### Record extracts
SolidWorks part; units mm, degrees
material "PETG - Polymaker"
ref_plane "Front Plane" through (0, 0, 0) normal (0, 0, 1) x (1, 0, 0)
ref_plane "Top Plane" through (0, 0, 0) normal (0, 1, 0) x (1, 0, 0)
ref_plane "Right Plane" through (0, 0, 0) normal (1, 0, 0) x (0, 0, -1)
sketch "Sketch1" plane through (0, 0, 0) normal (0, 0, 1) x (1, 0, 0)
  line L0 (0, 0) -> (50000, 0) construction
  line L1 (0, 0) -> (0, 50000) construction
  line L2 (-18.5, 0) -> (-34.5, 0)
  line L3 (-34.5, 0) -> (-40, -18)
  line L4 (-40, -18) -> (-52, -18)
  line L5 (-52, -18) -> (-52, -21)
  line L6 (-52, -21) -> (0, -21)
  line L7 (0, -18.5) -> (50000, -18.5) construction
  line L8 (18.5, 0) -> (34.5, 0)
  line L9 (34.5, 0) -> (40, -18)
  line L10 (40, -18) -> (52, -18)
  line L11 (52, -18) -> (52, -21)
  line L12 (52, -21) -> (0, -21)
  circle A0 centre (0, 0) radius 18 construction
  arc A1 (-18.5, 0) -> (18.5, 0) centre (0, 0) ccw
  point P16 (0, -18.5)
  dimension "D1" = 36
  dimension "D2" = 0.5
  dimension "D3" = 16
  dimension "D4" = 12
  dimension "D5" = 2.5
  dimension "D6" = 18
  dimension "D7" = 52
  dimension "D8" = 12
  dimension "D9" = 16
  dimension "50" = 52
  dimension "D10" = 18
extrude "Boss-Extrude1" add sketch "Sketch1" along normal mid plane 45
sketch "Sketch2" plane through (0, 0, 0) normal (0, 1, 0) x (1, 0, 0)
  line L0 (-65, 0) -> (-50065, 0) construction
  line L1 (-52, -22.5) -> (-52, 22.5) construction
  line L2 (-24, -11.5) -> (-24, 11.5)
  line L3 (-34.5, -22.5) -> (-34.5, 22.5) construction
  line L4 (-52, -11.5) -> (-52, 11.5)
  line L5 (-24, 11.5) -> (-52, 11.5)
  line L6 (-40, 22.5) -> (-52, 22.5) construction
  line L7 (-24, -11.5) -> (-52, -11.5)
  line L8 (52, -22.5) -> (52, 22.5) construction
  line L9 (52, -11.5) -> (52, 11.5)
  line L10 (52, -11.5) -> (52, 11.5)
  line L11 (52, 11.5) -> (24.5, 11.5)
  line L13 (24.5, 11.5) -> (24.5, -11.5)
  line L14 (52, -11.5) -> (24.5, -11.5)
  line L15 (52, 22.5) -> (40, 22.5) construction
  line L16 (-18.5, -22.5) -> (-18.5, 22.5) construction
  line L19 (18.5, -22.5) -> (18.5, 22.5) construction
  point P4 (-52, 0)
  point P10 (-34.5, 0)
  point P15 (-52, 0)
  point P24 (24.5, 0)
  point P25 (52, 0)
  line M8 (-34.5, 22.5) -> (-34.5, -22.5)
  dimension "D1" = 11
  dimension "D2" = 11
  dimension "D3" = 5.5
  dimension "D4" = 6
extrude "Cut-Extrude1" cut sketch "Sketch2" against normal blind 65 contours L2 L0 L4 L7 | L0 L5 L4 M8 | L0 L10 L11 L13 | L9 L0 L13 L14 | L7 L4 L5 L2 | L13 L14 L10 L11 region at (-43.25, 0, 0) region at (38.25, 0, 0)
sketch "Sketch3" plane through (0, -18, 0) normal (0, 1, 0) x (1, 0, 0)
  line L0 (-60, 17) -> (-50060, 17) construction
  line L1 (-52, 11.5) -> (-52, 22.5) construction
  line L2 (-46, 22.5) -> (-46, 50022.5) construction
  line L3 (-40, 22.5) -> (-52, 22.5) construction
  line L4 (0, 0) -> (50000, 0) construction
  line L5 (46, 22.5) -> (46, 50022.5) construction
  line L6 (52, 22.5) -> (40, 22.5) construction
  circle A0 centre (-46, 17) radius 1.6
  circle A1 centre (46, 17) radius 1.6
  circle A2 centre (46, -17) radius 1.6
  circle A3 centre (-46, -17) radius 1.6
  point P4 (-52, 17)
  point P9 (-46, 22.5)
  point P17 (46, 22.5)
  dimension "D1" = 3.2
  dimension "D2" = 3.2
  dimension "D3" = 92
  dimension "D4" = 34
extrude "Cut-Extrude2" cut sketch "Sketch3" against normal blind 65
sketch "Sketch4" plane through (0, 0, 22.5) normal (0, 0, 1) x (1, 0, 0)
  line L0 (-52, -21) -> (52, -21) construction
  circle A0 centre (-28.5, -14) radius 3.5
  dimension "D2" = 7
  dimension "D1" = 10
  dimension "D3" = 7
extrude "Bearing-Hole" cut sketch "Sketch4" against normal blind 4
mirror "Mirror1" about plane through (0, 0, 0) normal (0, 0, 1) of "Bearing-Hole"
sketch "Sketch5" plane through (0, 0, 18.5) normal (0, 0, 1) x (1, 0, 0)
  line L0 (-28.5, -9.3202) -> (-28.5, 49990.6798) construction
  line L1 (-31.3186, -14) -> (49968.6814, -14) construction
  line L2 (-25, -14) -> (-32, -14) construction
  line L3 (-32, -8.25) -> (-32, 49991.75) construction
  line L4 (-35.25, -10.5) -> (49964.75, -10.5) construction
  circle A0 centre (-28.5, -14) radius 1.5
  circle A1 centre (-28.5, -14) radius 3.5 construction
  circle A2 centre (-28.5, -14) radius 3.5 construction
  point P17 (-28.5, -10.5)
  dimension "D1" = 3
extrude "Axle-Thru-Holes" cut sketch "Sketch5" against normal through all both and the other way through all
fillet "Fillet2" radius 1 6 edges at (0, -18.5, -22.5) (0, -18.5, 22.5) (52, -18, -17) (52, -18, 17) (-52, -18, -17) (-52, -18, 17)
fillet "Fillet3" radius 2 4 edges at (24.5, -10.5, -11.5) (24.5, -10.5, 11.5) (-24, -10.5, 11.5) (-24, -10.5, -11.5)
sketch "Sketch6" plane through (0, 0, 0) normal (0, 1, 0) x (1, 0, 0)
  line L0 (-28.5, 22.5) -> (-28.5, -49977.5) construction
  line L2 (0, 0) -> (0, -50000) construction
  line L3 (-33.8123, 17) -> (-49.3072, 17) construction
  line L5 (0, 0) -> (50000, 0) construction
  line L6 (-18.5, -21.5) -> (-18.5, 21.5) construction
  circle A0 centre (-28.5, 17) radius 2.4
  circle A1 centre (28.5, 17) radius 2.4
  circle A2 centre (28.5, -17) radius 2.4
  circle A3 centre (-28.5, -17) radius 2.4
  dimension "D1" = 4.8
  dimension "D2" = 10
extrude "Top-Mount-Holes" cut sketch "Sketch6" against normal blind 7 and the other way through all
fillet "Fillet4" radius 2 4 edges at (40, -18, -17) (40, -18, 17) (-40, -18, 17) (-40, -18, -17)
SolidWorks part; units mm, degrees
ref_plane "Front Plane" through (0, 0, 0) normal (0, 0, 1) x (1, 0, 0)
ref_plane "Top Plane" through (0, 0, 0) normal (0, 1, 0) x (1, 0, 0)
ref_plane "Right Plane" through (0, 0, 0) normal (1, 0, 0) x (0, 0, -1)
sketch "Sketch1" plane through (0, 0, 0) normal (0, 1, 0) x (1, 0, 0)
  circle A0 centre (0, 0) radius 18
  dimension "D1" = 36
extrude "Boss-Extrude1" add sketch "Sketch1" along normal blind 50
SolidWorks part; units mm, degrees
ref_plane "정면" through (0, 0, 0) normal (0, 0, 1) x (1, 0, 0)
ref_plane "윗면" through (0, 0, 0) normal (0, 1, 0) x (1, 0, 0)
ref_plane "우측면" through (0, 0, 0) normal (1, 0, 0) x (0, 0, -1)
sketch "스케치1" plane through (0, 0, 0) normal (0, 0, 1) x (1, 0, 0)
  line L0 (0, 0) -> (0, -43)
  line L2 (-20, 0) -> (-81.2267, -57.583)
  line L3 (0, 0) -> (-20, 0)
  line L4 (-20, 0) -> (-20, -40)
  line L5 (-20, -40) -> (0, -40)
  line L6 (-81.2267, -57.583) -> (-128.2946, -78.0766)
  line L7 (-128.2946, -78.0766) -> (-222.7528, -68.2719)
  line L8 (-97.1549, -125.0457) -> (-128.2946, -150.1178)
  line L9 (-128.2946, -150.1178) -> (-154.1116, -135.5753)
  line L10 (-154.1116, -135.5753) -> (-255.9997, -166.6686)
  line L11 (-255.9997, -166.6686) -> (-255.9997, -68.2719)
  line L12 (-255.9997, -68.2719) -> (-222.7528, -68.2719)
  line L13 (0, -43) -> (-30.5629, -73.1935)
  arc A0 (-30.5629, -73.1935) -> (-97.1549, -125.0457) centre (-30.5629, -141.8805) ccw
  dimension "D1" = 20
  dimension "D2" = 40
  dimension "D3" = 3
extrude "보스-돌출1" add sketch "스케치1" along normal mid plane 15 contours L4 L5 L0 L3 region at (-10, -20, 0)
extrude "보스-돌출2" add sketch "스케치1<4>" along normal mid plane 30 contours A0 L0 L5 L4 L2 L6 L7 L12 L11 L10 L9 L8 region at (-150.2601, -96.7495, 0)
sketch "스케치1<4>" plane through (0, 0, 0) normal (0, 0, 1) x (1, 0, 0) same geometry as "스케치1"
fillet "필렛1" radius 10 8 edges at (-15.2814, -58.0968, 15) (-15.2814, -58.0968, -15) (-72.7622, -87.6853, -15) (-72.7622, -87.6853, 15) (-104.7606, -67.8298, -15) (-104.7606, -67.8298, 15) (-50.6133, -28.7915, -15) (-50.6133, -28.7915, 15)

### Exercise instructions
Of the entries above, transcribe exactly those lines that fall between the line containing "circle A2 centre (-28.5, -14)" and the line containing "both and the other way through all", together with those two lines.

### Reply to the exercise
  circle A2 centre (-28.5, -14) radius 3.5 construction
  point P17 (-28.5, -10.5)
  dimension "D1" = 3
extrude "Axle-Thru-Holes" cut sketch "Sketch5" against normal through all both and the other way through all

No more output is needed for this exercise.